Ayinde X. Ubaka (born February 9, 1985) is an American former professional basketball player. He played college basketball for the California Golden Bears and spent seven seasons playing professionally overseas.

High school career
Ubaka attended Oakland High School in Oakland, California. As a junior, he averaged 23 points, 8 rebounds and 8 assists per game. As a senior, he averaged 23.5 points, 6.5 rebounds and 5.0 assists per game as he earned fourth-team Parade All-American honors, selected first team all-state by Cal-Hi Sports, first-team All-ANG Newspapers and league MVP, and chosen All-Metro by the San Francisco Chronicle.

Ubaka also played both quarterback and cornerback on the Oakland High football team his sophomore and senior years.

College career
In his freshman season at California, Ubaka ranked third in the Pac-10 in assist-to-turnover ratio (1.96) and ninth in the league in assists to earn honorable mention Pac-10 All-Freshman honors. He also earned Cal's 2004 Most Unselfish Player Award. In 28 games (26 starts), he averaged 6.4 points, 2.1 rebounds and 3.9 assists per game.

In his sophomore season, Ubaka missed a portion of the year due to injury. On November 23, 2004, he broke the fifth metatarsal in his left foot which required surgery and two months on the sidelines. He returned to action on January 15, 2005. In 18 games (11 starts), he averaged 6.1 points, 2.0 rebounds and 2.7 assists per game.

In his junior season, Ubaka improved dramatically. He was named to the second team NABC all-district, as well as the all-tournament team at the Pac-10 Tournament. He was also the co-recipient of Cal's Most Improved Player Award. In 31 games (all starts), he averaged 14.5 points, 3.0 rebounds and 3.8 assists per game.

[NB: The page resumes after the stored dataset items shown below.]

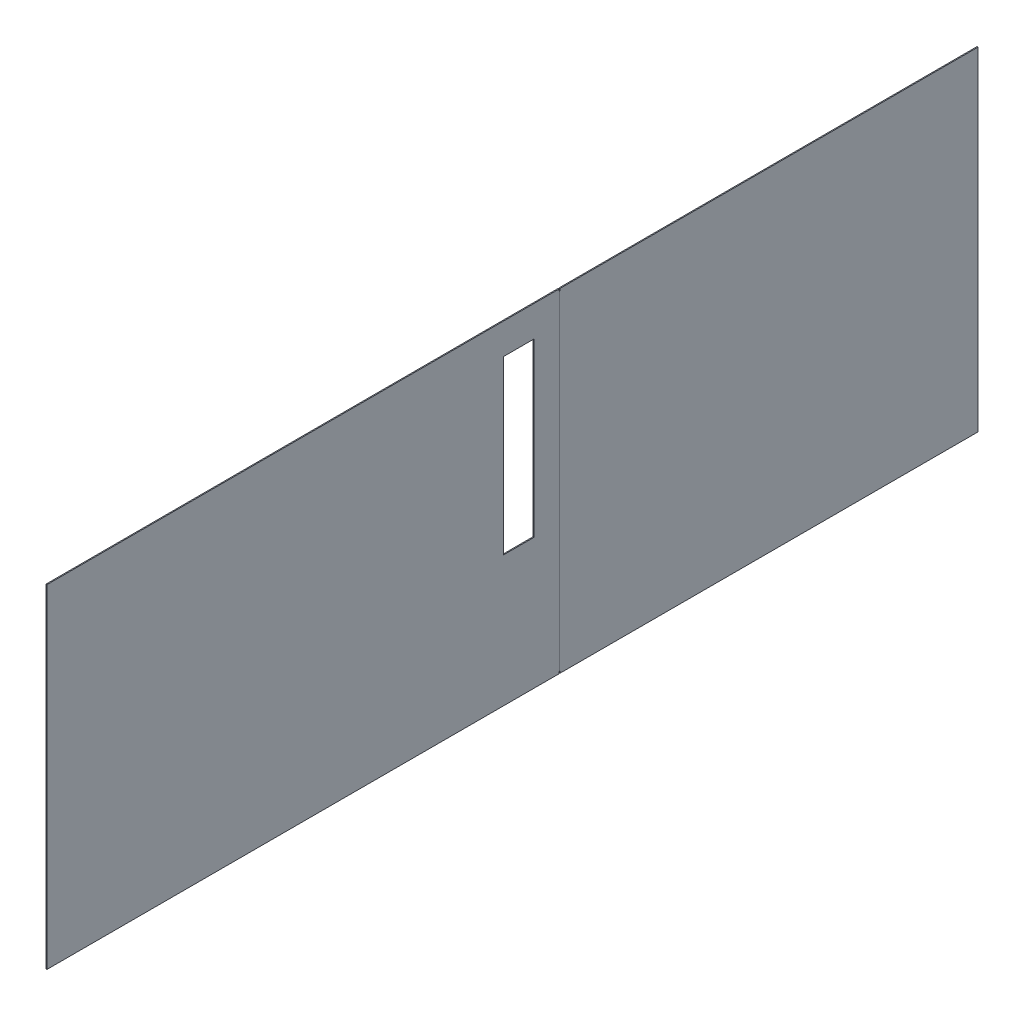
ISO-10303-21;
HEADER;
FILE_DESCRIPTION(('STEP AP214'),'2;1');
FILE_NAME('part.step','',(''),(''),'','','');
FILE_SCHEMA(('AUTOMOTIVE_DESIGN { 1 0 10303 214 1 1 1 1 }'));
ENDSEC;
DATA;
#1=APPLICATION_CONTEXT('core data for automotive mechanical design processes');
#2=APPLICATION_PROTOCOL_DEFINITION('international standard','automotive_design',2000,#1);
#3=PRODUCT_CONTEXT('',#1,'mechanical');
#4=PRODUCT('Part','Part','',(#3));
#5=PRODUCT_RELATED_PRODUCT_CATEGORY('part','',(#4));
#6=PRODUCT_DEFINITION_FORMATION('','',#4);
#7=PRODUCT_DEFINITION_CONTEXT('part definition',#1,'design');
#8=PRODUCT_DEFINITION('design','',#6,#7);
#9=PRODUCT_DEFINITION_SHAPE('','',#8);
#10=(LENGTH_UNIT() NAMED_UNIT(*) SI_UNIT(.MILLI.,.METRE.));
#11=(NAMED_UNIT(*) PLANE_ANGLE_UNIT() SI_UNIT($,.RADIAN.));
#12=(NAMED_UNIT(*) SI_UNIT($,.STERADIAN.) SOLID_ANGLE_UNIT());
#13=UNCERTAINTY_MEASURE_WITH_UNIT(LENGTH_MEASURE(1.E-05),#10,'distance_accuracy_value','');
#14=(GEOMETRIC_REPRESENTATION_CONTEXT(3) GLOBAL_UNCERTAINTY_ASSIGNED_CONTEXT((#13)) GLOBAL_UNIT_ASSIGNED_CONTEXT((#10,
#11,#12)) REPRESENTATION_CONTEXT('',''));
#15=CARTESIAN_POINT('',(0.,0.,0.));
#16=DIRECTION('',(0.,0.,1.));
#17=DIRECTION('',(1.,0.,0.));
#18=AXIS2_PLACEMENT_3D('',#15,#16,#17);
#19=CARTESIAN_POINT('',(1.9,650.,0.117101314961448));
#20=DIRECTION('',(-1.,0.,0.));
#21=DIRECTION('',(0.,0.,1.));
#22=AXIS2_PLACEMENT_3D('',#19,#20,#21);
#23=PLANE('',#22);
#24=DIRECTION('',(0.,0.,-1.));
#25=VECTOR('',#24,1.);
#26=CARTESIAN_POINT('',(1.9,650.,0.117101314961448));
#27=LINE('',#26,#25);
#28=CARTESIAN_POINT('',(1.90000000000003,650.,-0.691449342519362));
#29=VERTEX_POINT('',#28);
#30=CARTESIAN_POINT('',(1.89999999999342,650.,-816.032394794667));
#31=VERTEX_POINT('',#30);
#32=EDGE_CURVE('E229',#29,#31,#27,.T.);
#33=ORIENTED_EDGE('',*,*,#32,.F.);
#34=DIRECTION('',(0.,-1.,0.));
#35=VECTOR('',#34,1.);
#36=CARTESIAN_POINT('',(1.90000000000003,0.,-0.69144934251949));
#37=LINE('',#36,#35);
#38=CARTESIAN_POINT('',(1.90000000000003,646.7,-0.691449342519363));
#39=VERTEX_POINT('',#38);
#40=EDGE_CURVE('E210',#29,#39,#37,.T.);
#41=ORIENTED_EDGE('',*,*,#40,.T.);
#42=CARTESIAN_POINT('',(1.90000000000003,646.7,0.00855065748047966));
#43=DIRECTION('',(-1.,0.,0.));
#44=DIRECTION('',(0.,0.,1.));
#45=AXIS2_PLACEMENT_3D('',#42,#43,#44);
#46=CIRCLE('',#45,0.699999999999883);
#47=CARTESIAN_POINT('',(1.90000000000003,646.002054129574,-0.0450362994651993));
#48=VERTEX_POINT('',#47);
#49=EDGE_CURVE('E220',#39,#48,#46,.T.);
#50=ORIENTED_EDGE('',*,*,#49,.T.);
#51=DIRECTION('',(0.,-1.,0.));
#52=VECTOR('',#51,1.);
#53=CARTESIAN_POINT('',(1.9,650.,-0.0450362994651925));
#54=LINE('',#53,#52);
#55=CARTESIAN_POINT('',(1.90000000000003,3.99794587042642,-0.0450362994651924));
#56=VERTEX_POINT('',#55);
#57=EDGE_CURVE('E383',#48,#56,#54,.T.);
#58=ORIENTED_EDGE('',*,*,#57,.T.);
#59=CARTESIAN_POINT('',(1.90000000000003,3.3,0.00855065748055846));
#60=DIRECTION('',(-1.,0.,0.));
#61=DIRECTION('',(0.,0.,1.));
#62=AXIS2_PLACEMENT_3D('',#59,#60,#61);
#63=CIRCLE('',#62,0.7);
#64=CARTESIAN_POINT('',(1.90000000000003,3.3,-0.691449342519442));
#65=VERTEX_POINT('',#64);
#66=EDGE_CURVE('E262',#65,#56,#63,.F.);
#67=ORIENTED_EDGE('',*,*,#66,.F.);
#68=DIRECTION('',(0.,1.,0.));
#69=VECTOR('',#68,1.);
#70=CARTESIAN_POINT('',(1.90000000000003,0.,-0.691449342519442));
#71=LINE('',#70,#69);
#72=CARTESIAN_POINT('',(1.90000000000003,0.,-0.691449342519442));
#73=VERTEX_POINT('',#72);
#74=EDGE_CURVE('E264',#73,#65,#71,.T.);
#75=ORIENTED_EDGE('',*,*,#74,.F.);
#76=DIRECTION('',(0.,0.,-1.));
#77=VECTOR('',#76,1.);
#78=CARTESIAN_POINT('',(1.9,0.,0.117101314961448));
#79=LINE('',#78,#77);
#80=CARTESIAN_POINT('',(1.89999999999342,0.,-816.032394794667));
#81=VERTEX_POINT('',#80);
#82=EDGE_CURVE('E305',#73,#81,#79,.T.);
#83=ORIENTED_EDGE('',*,*,#82,.T.);
#84=DIRECTION('',(0.,-1.,0.));
#85=VECTOR('',#84,1.);
#86=CARTESIAN_POINT('',(1.89999999999342,650.,-816.032394794667));
#87=LINE('',#86,#85);
#88=EDGE_CURVE('E377',#31,#81,#87,.T.);
#89=ORIENTED_EDGE('',*,*,#88,.F.);
#90=EDGE_LOOP('',(#33,#41,#50,#58,#67,#75,#83,#89));
#91=FACE_BOUND('',#90,.T.);
#92=ADVANCED_FACE('F45',(#91),#23,.F.);
#93=CARTESIAN_POINT('',(0.,650.,0.117101314961463));
#94=DIRECTION('',(-1.,0.,0.));
#95=DIRECTION('',(0.,0.,1.));
#96=AXIS2_PLACEMENT_3D('',#93,#94,#95);
#97=PLANE('',#96);
#98=DIRECTION('',(0.,-1.,0.));
#99=VECTOR('',#98,1.);
#100=CARTESIAN_POINT('',(0.,0.,-0.69144934251949));
#101=LINE('',#100,#99);
#102=CARTESIAN_POINT('',(0.,650.,-0.691449342519362));
#103=VERTEX_POINT('',#102);
#104=CARTESIAN_POINT('',(0.,646.7,-0.691449342519363));
#105=VERTEX_POINT('',#104);
#106=EDGE_CURVE('E213',#103,#105,#101,.T.);
#107=ORIENTED_EDGE('',*,*,#106,.F.);
#108=DIRECTION('',(0.,0.,-1.));
#109=VECTOR('',#108,1.);
#110=CARTESIAN_POINT('',(0.,650.,0.117101314961463));
#111=LINE('',#110,#109);
#112=CARTESIAN_POINT('',(-6.57676360203349E-12,650.,-816.032394794667));
#113=VERTEX_POINT('',#112);
#114=EDGE_CURVE('E367',#103,#113,#111,.T.);
#115=ORIENTED_EDGE('',*,*,#114,.T.);
#116=DIRECTION('',(0.,-1.,0.));
#117=VECTOR('',#116,1.);
#118=CARTESIAN_POINT('',(-6.57676360203349E-12,650.,-816.032394794667));
#119=LINE('',#118,#117);
#120=CARTESIAN_POINT('',(-6.57676360203349E-12,0.,-816.032394794667));
#121=VERTEX_POINT('',#120);
#122=EDGE_CURVE('E369',#113,#121,#119,.T.);
#123=ORIENTED_EDGE('',*,*,#122,.T.);
#124=DIRECTION('',(0.,0.,-1.));
#125=VECTOR('',#124,1.);
#126=CARTESIAN_POINT('',(0.,0.,0.117101314961463));
#127=LINE('',#126,#125);
#128=CARTESIAN_POINT('',(0.,0.,-0.691449342519442));
#129=VERTEX_POINT('',#128);
#130=EDGE_CURVE('E364',#129,#121,#127,.T.);
#131=ORIENTED_EDGE('',*,*,#130,.F.);
#132=DIRECTION('',(0.,1.,0.));
#133=VECTOR('',#132,1.);
#134=CARTESIAN_POINT('',(0.,0.,-0.691449342519442));
#135=LINE('',#134,#133);
#136=CARTESIAN_POINT('',(0.,3.3,-0.691449342519442));
#137=VERTEX_POINT('',#136);
#138=EDGE_CURVE('E279',#129,#137,#135,.T.);
#139=ORIENTED_EDGE('',*,*,#138,.T.);
#140=CARTESIAN_POINT('',(0.,3.3,0.00855065748055846));
#141=DIRECTION('',(-1.,0.,0.));
#142=DIRECTION('',(0.,0.,1.));
#143=AXIS2_PLACEMENT_3D('',#140,#141,#142);
#144=CIRCLE('',#143,0.7);
#145=CARTESIAN_POINT('',(0.,3.99794587042642,-0.045036299465177));
#146=VERTEX_POINT('',#145);
#147=EDGE_CURVE('E276',#137,#146,#144,.F.);
#148=ORIENTED_EDGE('',*,*,#147,.T.);
#149=DIRECTION('',(0.,-1.,0.));
#150=VECTOR('',#149,1.);
#151=CARTESIAN_POINT('',(0.,650.,-0.045036299465177));
#152=LINE('',#151,#150);
#153=CARTESIAN_POINT('',(0.,646.002054129574,-0.045036299465184));
#154=VERTEX_POINT('',#153);
#155=EDGE_CURVE('E380',#154,#146,#152,.T.);
#156=ORIENTED_EDGE('',*,*,#155,.F.);
#157=CARTESIAN_POINT('',(0.,646.7,0.00855065748047966));
#158=DIRECTION('',(-1.,0.,0.));
#159=DIRECTION('',(0.,0.,1.));
#160=AXIS2_PLACEMENT_3D('',#157,#158,#159);
#161=CIRCLE('',#160,0.699999999999883);
#162=EDGE_CURVE('E243',#105,#154,#161,.T.);
#163=ORIENTED_EDGE('',*,*,#162,.F.);
#164=EDGE_LOOP('',(#107,#115,#123,#131,#139,#148,#156,#163));
#165=FACE_BOUND('',#164,.T.);
#166=ADVANCED_FACE('F408',(#165),#97,.T.);
#167=CARTESIAN_POINT('',(2.63659999999999,0.,-0.0450362994651984));
#168=DIRECTION('',(0.,1.,0.));
#169=DIRECTION('',(0.992465233221436,0.,-0.122526572002654));
#170=AXIS2_PLACEMENT_3D('',#167,#168,#169);
#171=PLANE('',#170);
#172=DIRECTION('',(-1.,0.,0.));
#173=VECTOR('',#172,1.);
#174=CARTESIAN_POINT('',(1.90000000000003,0.,-0.691449342519442));
#175=LINE('',#174,#173);
#176=EDGE_CURVE('E298',#73,#129,#175,.T.);
#177=ORIENTED_EDGE('',*,*,#176,.T.);
#178=ORIENTED_EDGE('',*,*,#130,.T.);
#179=DIRECTION('',(1.,0.,-1.61259894326804E-13));
#180=VECTOR('',#179,1.);
#181=CARTESIAN_POINT('',(-6.57676360203349E-12,0.,-816.032394794667));
#182=LINE('',#181,#180);
#183=EDGE_CURVE('E371',#121,#81,#182,.T.);
#184=ORIENTED_EDGE('',*,*,#183,.T.);
#185=ORIENTED_EDGE('',*,*,#82,.F.);
#186=EDGE_LOOP('',(#177,#178,#184,#185));
#187=FACE_BOUND('',#186,.T.);
#188=ADVANCED_FACE('F406',(#187),#171,.F.);
#189=CARTESIAN_POINT('',(0.,650.,1000.));
#190=DIRECTION('',(-1.,0.,0.));
#191=DIRECTION('',(0.,0.,1.));
#192=AXIS2_PLACEMENT_3D('',#189,#190,#191);
#193=PLANE('',#192);
#194=DIRECTION('',(0.,1.,0.));
#195=VECTOR('',#194,1.);
#196=CARTESIAN_POINT('',(0.,590.,110.));
#197=LINE('',#196,#195);
#198=CARTESIAN_POINT('',(0.,255.,110.));
#199=VERTEX_POINT('',#198);
#200=CARTESIAN_POINT('',(0.,590.,110.));
#201=VERTEX_POINT('',#200);
#202=EDGE_CURVE('E335',#199,#201,#197,.T.);
#203=ORIENTED_EDGE('',*,*,#202,.F.);
#204=DIRECTION('',(0.,0.,1.));
#205=VECTOR('',#204,1.);
#206=CARTESIAN_POINT('',(0.,255.,50.));
#207=LINE('',#206,#205);
#208=CARTESIAN_POINT('',(0.,255.,50.));
#209=VERTEX_POINT('',#208);
#210=EDGE_CURVE('E339',#209,#199,#207,.T.);
#211=ORIENTED_EDGE('',*,*,#210,.F.);
#212=DIRECTION('',(0.,-1.,0.));
#213=VECTOR('',#212,1.);
#214=CARTESIAN_POINT('',(0.,590.,50.));
#215=LINE('',#214,#213);
#216=CARTESIAN_POINT('',(0.,590.,50.));
#217=VERTEX_POINT('',#216);
#218=EDGE_CURVE('E344',#217,#209,#215,.T.);
#219=ORIENTED_EDGE('',*,*,#218,.F.);
#220=DIRECTION('',(0.,0.,-1.));
#221=VECTOR('',#220,1.);
#222=CARTESIAN_POINT('',(0.,590.,50.));
#223=LINE('',#222,#221);
#224=EDGE_CURVE('E349',#201,#217,#223,.T.);
#225=ORIENTED_EDGE('',*,*,#224,.F.);
#226=EDGE_LOOP('',(#203,#211,#219,#225));
#227=FACE_BOUND('',#226,.T.);
#228=DIRECTION('',(0.,0.,-1.));
#229=VECTOR('',#228,1.);
#230=CARTESIAN_POINT('',(0.,650.,1000.));
#231=LINE('',#230,#229);
#232=CARTESIAN_POINT('',(0.,650.,1000.));
#233=VERTEX_POINT('',#232);
#234=CARTESIAN_POINT('',(0.,650.,0.808550657480479));
#235=VERTEX_POINT('',#234);
#236=EDGE_CURVE('E332',#233,#235,#231,.T.);
#237=ORIENTED_EDGE('',*,*,#236,.T.);
#238=DIRECTION('',(0.,-1.,0.));
#239=VECTOR('',#238,1.);
#240=CARTESIAN_POINT('',(0.,0.,0.808550657480607));
#241=LINE('',#240,#239);
#242=CARTESIAN_POINT('',(0.,646.7,0.808550657480479));
#243=VERTEX_POINT('',#242);
#244=EDGE_CURVE('E230',#235,#243,#241,.T.);
#245=ORIENTED_EDGE('',*,*,#244,.T.);
#246=CARTESIAN_POINT('',(0.,646.7,0.108550657480479));
#247=DIRECTION('',(-1.,0.,0.));
#248=DIRECTION('',(0.,0.,1.));
#249=AXIS2_PLACEMENT_3D('',#246,#247,#248);
#250=CIRCLE('',#249,0.699999999999962);
#251=CARTESIAN_POINT('',(0.,646.002054129574,0.162137614426295));
#252=VERTEX_POINT('',#251);
#253=EDGE_CURVE('E233',#243,#252,#250,.F.);
#254=ORIENTED_EDGE('',*,*,#253,.T.);
#255=DIRECTION('',(0.,-1.,0.));
#256=VECTOR('',#255,1.);
#257=CARTESIAN_POINT('',(0.,650.,0.162137614426294));
#258=LINE('',#257,#256);
#259=CARTESIAN_POINT('',(0.,3.99794587042642,0.162137614426294));
#260=VERTEX_POINT('',#259);
#261=EDGE_CURVE('E329',#252,#260,#258,.T.);
#262=ORIENTED_EDGE('',*,*,#261,.T.);
#263=CARTESIAN_POINT('',(0.,3.3,0.108550657480558));
#264=DIRECTION('',(-1.,0.,0.));
#265=DIRECTION('',(0.,0.,1.));
#266=AXIS2_PLACEMENT_3D('',#263,#264,#265);
#267=CIRCLE('',#266,0.7);
#268=CARTESIAN_POINT('',(0.,3.3,0.808550657480558));
#269=VERTEX_POINT('',#268);
#270=EDGE_CURVE('E287',#269,#260,#267,.T.);
#271=ORIENTED_EDGE('',*,*,#270,.F.);
#272=DIRECTION('',(0.,1.,0.));
#273=VECTOR('',#272,1.);
#274=CARTESIAN_POINT('',(0.,0.,0.808550657480558));
#275=LINE('',#274,#273);
#276=CARTESIAN_POINT('',(0.,0.,0.808550657480558));
#277=VERTEX_POINT('',#276);
#278=EDGE_CURVE('E283',#277,#269,#275,.T.);
#279=ORIENTED_EDGE('',*,*,#278,.F.);
#280=DIRECTION('',(0.,0.,-1.));
#281=VECTOR('',#280,1.);
#282=CARTESIAN_POINT('',(0.,0.,1000.));
#283=LINE('',#282,#281);
#284=CARTESIAN_POINT('',(0.,0.,1000.));
#285=VERTEX_POINT('',#284);
#286=EDGE_CURVE('E326',#285,#277,#283,.T.);
#287=ORIENTED_EDGE('',*,*,#286,.F.);
#288=DIRECTION('',(0.,-1.,0.));
#289=VECTOR('',#288,1.);
#290=CARTESIAN_POINT('',(0.,650.,1000.));
#291=LINE('',#290,#289);
#292=EDGE_CURVE('E355',#233,#285,#291,.T.);
#293=ORIENTED_EDGE('',*,*,#292,.F.);
#294=EDGE_LOOP('',(#237,#245,#254,#262,#271,#279,#287,#293));
#295=FACE_BOUND('',#294,.T.);
#296=ADVANCED_FACE('F441',(#227,#295),#193,.T.);
#297=CARTESIAN_POINT('',(1.9,650.,1000.));
#298=DIRECTION('',(-1.,0.,0.));
#299=DIRECTION('',(0.,0.,1.));
#300=AXIS2_PLACEMENT_3D('',#297,#298,#299);
#301=PLANE('',#300);
#302=DIRECTION('',(0.,0.,1.));
#303=VECTOR('',#302,1.);
#304=CARTESIAN_POINT('',(1.9,254.999999999999,1000.));
#305=LINE('',#304,#303);
#306=CARTESIAN_POINT('',(1.90000000000003,255.,50.));
#307=VERTEX_POINT('',#306);
#308=CARTESIAN_POINT('',(1.90000000000003,255.,110.));
#309=VERTEX_POINT('',#308);
#310=EDGE_CURVE('E320',#307,#309,#305,.T.);
#311=ORIENTED_EDGE('',*,*,#310,.T.);
#312=DIRECTION('',(0.,1.,0.));
#313=VECTOR('',#312,1.);
#314=CARTESIAN_POINT('',(1.9,650.,110.));
#315=LINE('',#314,#313);
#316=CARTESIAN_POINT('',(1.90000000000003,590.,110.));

In his senior season, Ubaka had another solid year as he was named to the All-Pac-10 Honorable Mention team. In 33 games, he averaged 13.7 points, 3.0 rebounds and 4.7 assists per game.

Professional career

Europe
After going undrafted in the 2007 NBA draft, Ubaka joined the Charlotte Bobcats for the 2007 NBA Summer League. He later signed with Śląsk Wrocław of Poland but left after pre-season. In November 2007, he signed with Czarni Słupsk but managed just two games for the club before moving to Germany and joining Skyliners Frankfurt on a two-month contract. In January 2008, he left Skyliners after appearing in 11 games and signed with the Antwerp Giants for the rest of the season.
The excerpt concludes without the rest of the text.